A single figure is expected: how many lines of the data that follows contain the word "font".

┄┄┄┄┄┄┄┄┄┄

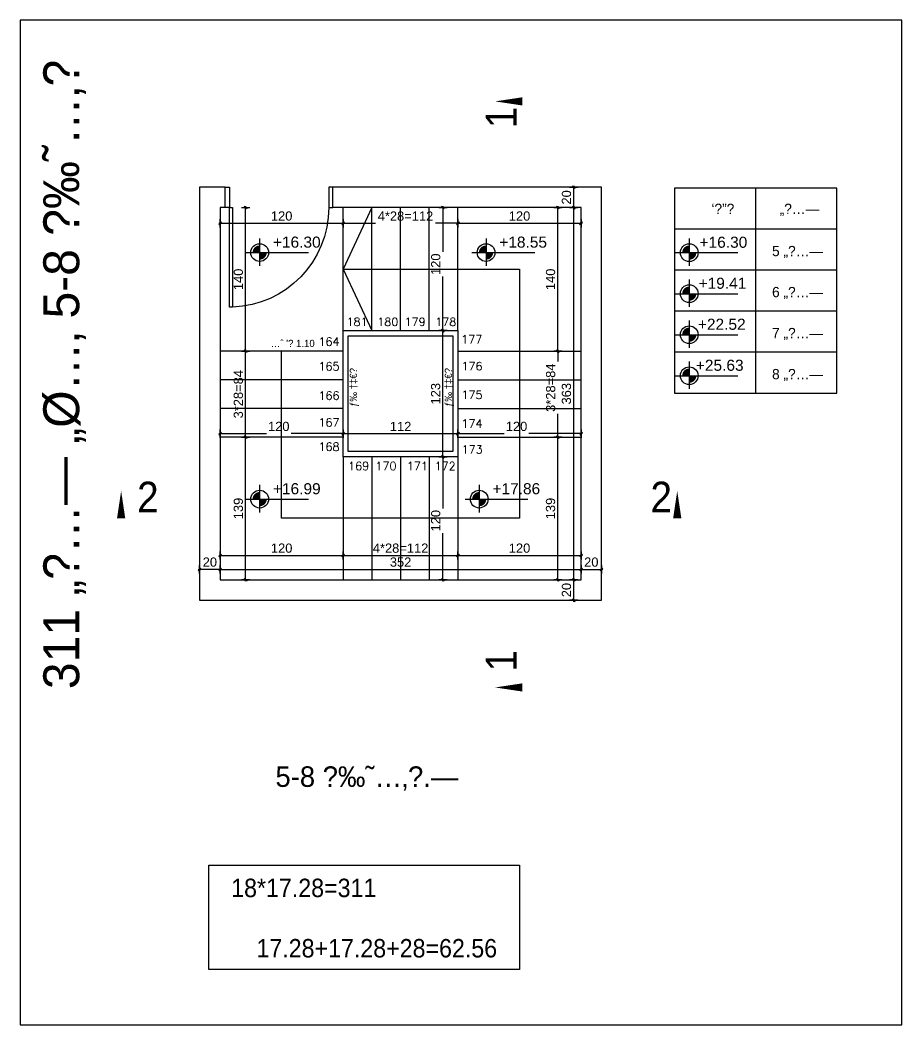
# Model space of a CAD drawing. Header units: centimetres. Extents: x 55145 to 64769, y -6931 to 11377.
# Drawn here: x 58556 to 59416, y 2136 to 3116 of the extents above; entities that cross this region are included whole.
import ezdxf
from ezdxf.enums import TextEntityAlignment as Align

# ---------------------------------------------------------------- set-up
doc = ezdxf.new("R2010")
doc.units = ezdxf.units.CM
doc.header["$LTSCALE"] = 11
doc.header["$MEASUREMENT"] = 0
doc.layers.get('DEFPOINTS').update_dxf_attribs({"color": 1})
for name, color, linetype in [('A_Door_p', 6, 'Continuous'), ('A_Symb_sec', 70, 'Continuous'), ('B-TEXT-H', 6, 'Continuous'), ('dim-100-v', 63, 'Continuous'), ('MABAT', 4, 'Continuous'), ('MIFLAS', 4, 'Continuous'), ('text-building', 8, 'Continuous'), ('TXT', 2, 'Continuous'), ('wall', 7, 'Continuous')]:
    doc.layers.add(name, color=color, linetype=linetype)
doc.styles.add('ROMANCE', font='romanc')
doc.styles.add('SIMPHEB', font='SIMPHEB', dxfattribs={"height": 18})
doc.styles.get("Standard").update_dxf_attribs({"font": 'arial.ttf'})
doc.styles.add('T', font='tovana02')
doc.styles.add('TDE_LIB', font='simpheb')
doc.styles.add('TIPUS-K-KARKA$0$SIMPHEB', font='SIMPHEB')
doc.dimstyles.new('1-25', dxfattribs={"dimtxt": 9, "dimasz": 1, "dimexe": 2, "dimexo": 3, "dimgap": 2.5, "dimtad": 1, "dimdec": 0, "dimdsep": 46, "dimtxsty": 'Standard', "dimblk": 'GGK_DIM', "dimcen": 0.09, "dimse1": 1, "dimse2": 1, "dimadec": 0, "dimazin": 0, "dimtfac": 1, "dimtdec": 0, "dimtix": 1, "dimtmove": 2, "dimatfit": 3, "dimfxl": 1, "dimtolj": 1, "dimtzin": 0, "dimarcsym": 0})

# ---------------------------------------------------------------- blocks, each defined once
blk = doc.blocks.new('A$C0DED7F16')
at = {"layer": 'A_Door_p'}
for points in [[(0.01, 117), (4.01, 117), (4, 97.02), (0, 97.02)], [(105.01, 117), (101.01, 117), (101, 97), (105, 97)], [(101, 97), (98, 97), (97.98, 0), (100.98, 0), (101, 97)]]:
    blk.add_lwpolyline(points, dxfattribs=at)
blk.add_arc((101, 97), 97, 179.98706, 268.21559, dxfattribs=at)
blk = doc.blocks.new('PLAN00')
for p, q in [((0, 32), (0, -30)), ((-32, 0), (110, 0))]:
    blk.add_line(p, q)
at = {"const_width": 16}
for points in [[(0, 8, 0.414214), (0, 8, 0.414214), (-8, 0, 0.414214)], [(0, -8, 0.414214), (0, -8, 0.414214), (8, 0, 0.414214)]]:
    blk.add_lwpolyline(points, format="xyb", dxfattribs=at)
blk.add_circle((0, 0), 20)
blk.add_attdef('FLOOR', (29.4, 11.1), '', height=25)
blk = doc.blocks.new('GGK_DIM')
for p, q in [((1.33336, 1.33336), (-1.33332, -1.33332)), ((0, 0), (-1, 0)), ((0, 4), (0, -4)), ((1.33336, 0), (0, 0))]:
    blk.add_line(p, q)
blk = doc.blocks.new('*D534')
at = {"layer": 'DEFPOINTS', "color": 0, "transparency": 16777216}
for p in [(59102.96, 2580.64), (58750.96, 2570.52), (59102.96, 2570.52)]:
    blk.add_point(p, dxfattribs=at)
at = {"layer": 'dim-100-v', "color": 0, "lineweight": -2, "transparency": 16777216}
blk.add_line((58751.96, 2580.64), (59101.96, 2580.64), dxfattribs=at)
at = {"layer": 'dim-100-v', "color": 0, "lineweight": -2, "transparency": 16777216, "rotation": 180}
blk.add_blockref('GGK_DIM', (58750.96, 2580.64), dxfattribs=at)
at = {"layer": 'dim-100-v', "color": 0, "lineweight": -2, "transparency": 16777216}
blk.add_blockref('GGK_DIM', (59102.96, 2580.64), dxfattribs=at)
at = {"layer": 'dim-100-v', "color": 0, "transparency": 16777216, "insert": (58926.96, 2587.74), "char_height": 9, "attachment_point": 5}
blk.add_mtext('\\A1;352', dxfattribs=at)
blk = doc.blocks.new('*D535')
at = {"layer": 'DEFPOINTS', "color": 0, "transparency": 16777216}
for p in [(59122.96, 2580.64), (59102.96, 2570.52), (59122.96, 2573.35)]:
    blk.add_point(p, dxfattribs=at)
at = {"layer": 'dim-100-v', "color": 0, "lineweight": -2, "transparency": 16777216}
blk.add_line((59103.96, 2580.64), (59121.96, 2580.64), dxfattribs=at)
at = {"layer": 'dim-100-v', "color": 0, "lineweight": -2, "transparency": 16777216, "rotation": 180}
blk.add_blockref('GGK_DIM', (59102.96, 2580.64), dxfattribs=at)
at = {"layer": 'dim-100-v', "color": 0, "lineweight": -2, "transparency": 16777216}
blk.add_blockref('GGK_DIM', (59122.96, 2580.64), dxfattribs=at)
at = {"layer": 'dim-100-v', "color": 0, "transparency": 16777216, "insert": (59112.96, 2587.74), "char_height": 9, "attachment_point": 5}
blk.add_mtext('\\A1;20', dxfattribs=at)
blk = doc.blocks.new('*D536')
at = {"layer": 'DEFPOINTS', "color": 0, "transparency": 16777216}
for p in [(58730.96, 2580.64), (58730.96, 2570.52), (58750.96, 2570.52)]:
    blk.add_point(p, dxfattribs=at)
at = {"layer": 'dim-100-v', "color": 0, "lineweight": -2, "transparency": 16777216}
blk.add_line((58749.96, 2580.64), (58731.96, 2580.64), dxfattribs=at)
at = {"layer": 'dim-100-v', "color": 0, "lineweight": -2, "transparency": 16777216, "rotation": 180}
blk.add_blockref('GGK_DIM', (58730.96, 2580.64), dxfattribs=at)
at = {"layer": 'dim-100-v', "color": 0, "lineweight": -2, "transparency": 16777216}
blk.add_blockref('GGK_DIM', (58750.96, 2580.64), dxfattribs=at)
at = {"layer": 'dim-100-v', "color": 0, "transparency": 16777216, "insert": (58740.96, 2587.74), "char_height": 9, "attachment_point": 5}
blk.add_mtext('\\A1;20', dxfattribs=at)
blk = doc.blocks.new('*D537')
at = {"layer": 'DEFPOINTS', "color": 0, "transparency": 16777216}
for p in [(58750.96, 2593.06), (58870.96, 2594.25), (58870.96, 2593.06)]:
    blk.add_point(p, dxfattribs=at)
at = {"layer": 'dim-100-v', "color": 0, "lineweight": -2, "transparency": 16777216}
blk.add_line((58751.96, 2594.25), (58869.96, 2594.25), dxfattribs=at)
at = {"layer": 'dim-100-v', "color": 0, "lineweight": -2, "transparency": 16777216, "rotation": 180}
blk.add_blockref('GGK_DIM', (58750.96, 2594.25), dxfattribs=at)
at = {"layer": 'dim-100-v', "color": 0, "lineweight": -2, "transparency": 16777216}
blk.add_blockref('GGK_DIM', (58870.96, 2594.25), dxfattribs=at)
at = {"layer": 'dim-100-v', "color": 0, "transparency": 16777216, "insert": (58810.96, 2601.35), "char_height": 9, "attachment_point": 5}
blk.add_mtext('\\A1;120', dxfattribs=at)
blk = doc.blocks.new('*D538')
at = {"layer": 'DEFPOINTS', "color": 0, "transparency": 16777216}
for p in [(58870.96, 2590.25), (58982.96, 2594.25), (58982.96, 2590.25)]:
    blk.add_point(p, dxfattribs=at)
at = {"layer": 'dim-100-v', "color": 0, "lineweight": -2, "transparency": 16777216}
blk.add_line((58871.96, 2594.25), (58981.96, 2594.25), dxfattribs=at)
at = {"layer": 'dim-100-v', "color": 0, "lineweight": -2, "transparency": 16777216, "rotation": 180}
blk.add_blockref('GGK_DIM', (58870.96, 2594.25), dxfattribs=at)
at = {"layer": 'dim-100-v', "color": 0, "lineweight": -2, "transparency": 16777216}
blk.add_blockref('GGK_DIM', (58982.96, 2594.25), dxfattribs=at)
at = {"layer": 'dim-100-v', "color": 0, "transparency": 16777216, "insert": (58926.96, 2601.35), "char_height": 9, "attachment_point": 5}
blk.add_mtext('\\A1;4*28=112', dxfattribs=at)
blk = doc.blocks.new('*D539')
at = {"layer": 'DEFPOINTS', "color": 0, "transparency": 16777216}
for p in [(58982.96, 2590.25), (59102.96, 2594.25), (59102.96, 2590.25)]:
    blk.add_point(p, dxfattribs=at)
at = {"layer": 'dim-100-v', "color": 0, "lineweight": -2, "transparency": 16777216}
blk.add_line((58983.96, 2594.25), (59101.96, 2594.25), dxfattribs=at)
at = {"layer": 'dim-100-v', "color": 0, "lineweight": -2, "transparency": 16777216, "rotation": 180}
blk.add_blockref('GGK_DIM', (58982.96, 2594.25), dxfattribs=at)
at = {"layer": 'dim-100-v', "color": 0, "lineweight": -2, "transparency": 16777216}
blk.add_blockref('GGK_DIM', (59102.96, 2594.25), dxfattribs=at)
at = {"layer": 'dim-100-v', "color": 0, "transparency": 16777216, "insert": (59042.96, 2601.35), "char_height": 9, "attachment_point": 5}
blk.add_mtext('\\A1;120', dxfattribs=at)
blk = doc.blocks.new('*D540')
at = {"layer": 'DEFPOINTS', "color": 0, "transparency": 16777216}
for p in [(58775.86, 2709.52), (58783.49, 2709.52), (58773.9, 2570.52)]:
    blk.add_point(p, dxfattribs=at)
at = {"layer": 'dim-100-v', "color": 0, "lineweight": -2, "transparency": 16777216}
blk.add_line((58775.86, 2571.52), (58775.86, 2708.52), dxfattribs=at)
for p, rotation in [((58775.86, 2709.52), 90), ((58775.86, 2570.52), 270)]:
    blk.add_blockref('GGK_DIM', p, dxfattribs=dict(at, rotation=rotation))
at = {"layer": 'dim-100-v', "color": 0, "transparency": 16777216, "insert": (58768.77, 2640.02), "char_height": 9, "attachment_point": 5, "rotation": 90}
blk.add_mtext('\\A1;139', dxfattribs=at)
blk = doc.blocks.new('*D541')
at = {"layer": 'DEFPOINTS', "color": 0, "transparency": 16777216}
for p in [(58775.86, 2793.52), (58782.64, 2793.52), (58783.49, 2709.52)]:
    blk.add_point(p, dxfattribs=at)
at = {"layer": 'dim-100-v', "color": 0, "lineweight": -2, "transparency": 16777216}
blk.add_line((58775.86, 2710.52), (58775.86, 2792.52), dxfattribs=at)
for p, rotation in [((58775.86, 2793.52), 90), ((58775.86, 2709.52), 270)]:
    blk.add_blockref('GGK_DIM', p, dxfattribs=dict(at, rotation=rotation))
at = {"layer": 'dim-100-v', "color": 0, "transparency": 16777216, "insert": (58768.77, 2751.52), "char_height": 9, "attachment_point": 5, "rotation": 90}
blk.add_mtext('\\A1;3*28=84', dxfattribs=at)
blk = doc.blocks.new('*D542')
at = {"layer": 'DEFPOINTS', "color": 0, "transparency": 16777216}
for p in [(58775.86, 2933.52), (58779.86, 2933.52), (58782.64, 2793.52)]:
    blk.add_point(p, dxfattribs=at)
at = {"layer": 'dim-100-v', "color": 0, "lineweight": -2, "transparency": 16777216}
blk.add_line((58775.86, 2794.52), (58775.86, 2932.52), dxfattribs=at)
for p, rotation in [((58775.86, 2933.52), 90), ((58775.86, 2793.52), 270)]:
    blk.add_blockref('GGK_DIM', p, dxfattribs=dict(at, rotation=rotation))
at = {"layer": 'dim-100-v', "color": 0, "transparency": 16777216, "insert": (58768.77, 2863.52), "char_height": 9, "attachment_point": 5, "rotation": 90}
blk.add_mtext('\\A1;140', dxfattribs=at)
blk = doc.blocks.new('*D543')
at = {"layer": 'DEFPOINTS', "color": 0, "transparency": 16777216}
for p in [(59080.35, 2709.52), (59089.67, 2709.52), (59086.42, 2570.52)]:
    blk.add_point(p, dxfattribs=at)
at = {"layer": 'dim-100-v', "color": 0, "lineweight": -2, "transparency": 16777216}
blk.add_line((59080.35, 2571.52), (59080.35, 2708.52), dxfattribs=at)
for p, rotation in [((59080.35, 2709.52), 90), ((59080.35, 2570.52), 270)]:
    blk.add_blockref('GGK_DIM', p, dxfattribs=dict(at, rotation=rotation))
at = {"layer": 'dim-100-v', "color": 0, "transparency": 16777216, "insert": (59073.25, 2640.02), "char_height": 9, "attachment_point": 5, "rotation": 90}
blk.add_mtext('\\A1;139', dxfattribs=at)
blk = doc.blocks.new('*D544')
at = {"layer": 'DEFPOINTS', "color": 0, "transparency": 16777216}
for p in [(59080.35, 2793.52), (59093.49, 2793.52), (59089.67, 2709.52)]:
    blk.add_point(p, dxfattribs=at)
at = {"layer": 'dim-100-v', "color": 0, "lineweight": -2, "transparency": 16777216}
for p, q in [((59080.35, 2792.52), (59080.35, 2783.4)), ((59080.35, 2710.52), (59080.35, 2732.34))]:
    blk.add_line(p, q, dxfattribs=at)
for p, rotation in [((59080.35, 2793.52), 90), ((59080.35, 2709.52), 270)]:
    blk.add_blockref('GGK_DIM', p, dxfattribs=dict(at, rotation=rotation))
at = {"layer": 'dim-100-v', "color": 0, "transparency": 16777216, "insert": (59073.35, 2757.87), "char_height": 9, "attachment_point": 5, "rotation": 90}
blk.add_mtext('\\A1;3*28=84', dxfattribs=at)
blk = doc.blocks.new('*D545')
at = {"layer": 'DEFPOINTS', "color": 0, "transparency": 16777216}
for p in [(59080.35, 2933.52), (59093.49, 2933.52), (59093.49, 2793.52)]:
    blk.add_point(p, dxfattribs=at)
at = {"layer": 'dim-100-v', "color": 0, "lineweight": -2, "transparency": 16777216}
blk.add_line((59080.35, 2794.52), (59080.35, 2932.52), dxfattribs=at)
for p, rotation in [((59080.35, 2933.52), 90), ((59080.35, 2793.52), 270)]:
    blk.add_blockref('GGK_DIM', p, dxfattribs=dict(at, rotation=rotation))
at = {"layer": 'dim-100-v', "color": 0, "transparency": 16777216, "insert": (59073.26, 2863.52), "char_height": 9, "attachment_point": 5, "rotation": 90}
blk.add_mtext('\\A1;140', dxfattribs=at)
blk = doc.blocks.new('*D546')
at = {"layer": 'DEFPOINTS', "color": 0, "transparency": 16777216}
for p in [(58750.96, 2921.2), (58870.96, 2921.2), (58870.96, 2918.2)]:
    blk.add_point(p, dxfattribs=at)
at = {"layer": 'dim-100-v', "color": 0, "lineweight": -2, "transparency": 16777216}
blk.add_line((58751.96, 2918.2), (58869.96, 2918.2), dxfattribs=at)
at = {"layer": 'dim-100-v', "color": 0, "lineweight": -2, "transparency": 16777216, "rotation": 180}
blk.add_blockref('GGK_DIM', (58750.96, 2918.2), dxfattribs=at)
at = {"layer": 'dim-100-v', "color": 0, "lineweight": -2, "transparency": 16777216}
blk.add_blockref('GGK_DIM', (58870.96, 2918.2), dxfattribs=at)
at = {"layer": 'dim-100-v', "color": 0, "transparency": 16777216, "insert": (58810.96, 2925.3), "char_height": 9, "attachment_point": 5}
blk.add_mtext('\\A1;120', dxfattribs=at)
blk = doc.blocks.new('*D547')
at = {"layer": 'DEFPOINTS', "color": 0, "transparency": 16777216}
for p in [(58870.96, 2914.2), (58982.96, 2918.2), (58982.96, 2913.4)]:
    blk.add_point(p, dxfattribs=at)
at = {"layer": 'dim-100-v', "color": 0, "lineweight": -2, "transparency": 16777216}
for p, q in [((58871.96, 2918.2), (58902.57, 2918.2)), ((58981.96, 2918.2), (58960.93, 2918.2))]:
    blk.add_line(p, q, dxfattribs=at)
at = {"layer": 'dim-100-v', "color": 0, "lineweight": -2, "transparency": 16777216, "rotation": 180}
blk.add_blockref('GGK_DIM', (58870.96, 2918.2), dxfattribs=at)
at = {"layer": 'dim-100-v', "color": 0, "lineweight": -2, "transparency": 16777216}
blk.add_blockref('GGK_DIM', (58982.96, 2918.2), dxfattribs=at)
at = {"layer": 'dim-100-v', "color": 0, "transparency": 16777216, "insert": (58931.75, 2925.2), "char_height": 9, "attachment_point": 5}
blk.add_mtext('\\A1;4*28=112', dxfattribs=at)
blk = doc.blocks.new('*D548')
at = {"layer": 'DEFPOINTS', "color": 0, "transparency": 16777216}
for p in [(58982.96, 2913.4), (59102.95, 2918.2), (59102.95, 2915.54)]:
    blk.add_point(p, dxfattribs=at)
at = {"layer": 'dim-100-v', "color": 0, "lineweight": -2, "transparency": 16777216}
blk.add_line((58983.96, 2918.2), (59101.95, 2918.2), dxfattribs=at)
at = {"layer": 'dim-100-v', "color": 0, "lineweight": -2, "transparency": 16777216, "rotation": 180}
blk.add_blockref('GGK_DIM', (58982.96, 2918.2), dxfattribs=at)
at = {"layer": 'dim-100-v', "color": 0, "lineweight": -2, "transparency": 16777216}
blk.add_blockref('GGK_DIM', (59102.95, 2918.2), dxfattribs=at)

┄┄┄┄┄┄┄┄┄┄

◆ **Response below**: 6